Let’s create a ACF plot to find the seasonality of the time series data for Cardiovascular disease.

acf(CVD_clean$Cardiovascular.disease, ci = 0.95, na.action = na.exclude)

From the above ACF plot, we can clearly observe that there is occurrence of regular pattern of peak on the 7 days interval. Specifically, we can see a spike on 6th, 14th, 21st, 28th days. This clearly indicate the presence of weekly seasonality of the time series data for Cardiovascular disease.

Summary:

The time series data for Cardiovascular disease as overall shows a negative trend over time. With that, the data also highlight the presence of weekly seasonality. These statements are statistically strong supported by a very low p-values.

Looking from the real world perspective, the above conclusions obtained from the analysis seems intuitive. The Cardiovascular disease worldwide seems to exhibit a declining trend. This is true because now we have access to many different health care solutions.
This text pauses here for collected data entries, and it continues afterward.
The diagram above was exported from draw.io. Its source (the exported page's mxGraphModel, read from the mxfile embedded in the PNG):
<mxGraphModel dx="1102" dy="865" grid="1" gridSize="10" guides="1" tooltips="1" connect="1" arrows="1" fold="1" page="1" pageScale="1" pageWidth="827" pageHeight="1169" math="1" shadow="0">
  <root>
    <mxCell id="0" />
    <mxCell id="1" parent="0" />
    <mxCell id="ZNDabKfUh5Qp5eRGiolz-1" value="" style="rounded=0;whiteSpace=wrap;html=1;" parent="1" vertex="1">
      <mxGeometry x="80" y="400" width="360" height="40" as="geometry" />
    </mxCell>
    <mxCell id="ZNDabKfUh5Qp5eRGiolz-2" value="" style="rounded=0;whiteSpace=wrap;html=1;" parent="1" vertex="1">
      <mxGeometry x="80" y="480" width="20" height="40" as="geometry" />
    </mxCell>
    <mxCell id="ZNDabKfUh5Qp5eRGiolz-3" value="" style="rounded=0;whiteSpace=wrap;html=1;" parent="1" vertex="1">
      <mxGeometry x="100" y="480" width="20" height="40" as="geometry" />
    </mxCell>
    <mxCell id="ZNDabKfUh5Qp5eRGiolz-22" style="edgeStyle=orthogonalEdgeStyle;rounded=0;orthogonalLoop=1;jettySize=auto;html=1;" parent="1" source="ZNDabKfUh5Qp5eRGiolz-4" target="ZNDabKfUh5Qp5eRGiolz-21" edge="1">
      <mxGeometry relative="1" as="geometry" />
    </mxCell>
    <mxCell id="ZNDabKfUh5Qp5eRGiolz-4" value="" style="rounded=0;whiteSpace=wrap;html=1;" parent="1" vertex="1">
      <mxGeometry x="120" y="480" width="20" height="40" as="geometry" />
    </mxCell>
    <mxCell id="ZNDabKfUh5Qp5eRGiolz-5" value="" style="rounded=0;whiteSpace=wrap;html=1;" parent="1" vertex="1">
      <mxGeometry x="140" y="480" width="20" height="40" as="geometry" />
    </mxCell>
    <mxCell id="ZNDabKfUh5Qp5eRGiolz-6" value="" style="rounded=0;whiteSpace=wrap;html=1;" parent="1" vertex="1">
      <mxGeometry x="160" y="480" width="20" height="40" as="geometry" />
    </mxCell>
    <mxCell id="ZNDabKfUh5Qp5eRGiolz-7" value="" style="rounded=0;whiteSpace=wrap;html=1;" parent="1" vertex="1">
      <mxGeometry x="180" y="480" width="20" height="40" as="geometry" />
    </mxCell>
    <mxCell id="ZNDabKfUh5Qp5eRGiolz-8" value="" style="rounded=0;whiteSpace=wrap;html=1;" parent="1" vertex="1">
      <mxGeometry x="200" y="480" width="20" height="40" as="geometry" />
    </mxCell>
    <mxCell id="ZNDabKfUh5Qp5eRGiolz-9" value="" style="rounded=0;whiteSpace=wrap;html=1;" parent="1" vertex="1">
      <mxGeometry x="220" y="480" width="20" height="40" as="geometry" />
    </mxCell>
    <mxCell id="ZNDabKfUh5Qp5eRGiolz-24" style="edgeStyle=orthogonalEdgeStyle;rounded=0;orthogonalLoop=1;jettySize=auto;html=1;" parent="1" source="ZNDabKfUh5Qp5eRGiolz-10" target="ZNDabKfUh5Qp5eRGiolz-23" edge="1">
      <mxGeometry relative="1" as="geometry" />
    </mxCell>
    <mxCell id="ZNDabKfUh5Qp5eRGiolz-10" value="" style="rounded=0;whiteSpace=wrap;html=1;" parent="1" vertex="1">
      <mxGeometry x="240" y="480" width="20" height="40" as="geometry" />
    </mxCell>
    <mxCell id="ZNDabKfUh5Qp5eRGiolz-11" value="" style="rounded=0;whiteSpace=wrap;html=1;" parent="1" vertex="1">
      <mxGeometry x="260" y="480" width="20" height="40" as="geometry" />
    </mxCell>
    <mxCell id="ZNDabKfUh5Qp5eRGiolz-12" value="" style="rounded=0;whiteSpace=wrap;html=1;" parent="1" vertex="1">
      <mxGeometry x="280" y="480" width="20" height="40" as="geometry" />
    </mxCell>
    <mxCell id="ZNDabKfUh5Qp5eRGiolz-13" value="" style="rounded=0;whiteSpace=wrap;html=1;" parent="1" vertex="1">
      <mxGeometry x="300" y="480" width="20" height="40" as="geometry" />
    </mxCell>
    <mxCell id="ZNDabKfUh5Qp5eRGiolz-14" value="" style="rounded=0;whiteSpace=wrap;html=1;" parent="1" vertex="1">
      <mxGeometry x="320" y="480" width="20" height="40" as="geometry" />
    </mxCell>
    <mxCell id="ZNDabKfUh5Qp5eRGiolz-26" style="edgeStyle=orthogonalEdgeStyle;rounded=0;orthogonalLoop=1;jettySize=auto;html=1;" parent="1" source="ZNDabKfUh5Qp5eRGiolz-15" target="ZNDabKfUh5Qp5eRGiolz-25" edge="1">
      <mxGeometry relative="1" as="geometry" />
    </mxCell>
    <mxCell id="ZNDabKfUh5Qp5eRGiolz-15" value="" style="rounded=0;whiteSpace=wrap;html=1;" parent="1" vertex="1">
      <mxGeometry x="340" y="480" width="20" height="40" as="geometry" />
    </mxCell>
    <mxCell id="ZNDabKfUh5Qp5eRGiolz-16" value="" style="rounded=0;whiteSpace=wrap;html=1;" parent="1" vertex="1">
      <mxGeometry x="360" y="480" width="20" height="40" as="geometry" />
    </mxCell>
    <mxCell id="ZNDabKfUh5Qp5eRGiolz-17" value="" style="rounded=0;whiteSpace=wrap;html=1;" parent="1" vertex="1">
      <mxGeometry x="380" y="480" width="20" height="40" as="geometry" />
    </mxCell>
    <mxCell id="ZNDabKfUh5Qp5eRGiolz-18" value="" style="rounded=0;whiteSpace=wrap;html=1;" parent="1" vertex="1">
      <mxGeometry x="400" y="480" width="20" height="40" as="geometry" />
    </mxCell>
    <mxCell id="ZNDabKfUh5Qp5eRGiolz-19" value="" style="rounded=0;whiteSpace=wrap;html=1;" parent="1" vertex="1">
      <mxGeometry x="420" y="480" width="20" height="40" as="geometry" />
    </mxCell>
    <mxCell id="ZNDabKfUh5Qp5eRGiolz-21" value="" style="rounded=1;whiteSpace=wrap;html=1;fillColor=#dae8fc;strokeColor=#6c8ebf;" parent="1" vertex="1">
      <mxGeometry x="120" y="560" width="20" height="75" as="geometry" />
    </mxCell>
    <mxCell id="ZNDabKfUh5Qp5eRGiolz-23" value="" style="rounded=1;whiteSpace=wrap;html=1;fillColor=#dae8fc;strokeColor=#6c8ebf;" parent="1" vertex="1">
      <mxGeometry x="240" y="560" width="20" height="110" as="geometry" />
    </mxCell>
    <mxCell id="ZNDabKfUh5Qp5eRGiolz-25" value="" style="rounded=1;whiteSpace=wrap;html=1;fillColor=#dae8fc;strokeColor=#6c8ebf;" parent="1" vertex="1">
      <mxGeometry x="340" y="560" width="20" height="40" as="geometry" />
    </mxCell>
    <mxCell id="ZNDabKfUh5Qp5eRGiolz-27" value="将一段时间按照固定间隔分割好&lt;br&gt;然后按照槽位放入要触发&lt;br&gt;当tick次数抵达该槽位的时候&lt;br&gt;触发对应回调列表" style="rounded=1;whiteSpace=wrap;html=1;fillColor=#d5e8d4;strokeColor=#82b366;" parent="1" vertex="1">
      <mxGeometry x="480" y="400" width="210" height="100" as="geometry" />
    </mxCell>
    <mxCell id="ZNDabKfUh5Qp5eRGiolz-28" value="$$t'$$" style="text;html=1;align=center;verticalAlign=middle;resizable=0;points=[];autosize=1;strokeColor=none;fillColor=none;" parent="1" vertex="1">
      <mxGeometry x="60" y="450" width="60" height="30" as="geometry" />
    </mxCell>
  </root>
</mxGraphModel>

We are more aware than before regarding heart diseases. And, we are well educated on taking preventive measures to mitigate heart diseases by modifying lifestyles and eating behaviors.

Also, the presence of weekly seasonality in heart diseease pattern seems true. This is because most of the time people seems to appoint health check-up on free days/weekends. Not to mention, people enjoy their life, drink beverages, party, etc. during weekends which shows a spike due to reported heart related cases on weekends. With that, there are reported cases on week days also, as seen in the above ACF plot. However, the weekend spike is higher than that of weekdays. Hence, the time series data for Cardiovascular disease indicates weekly seasonality.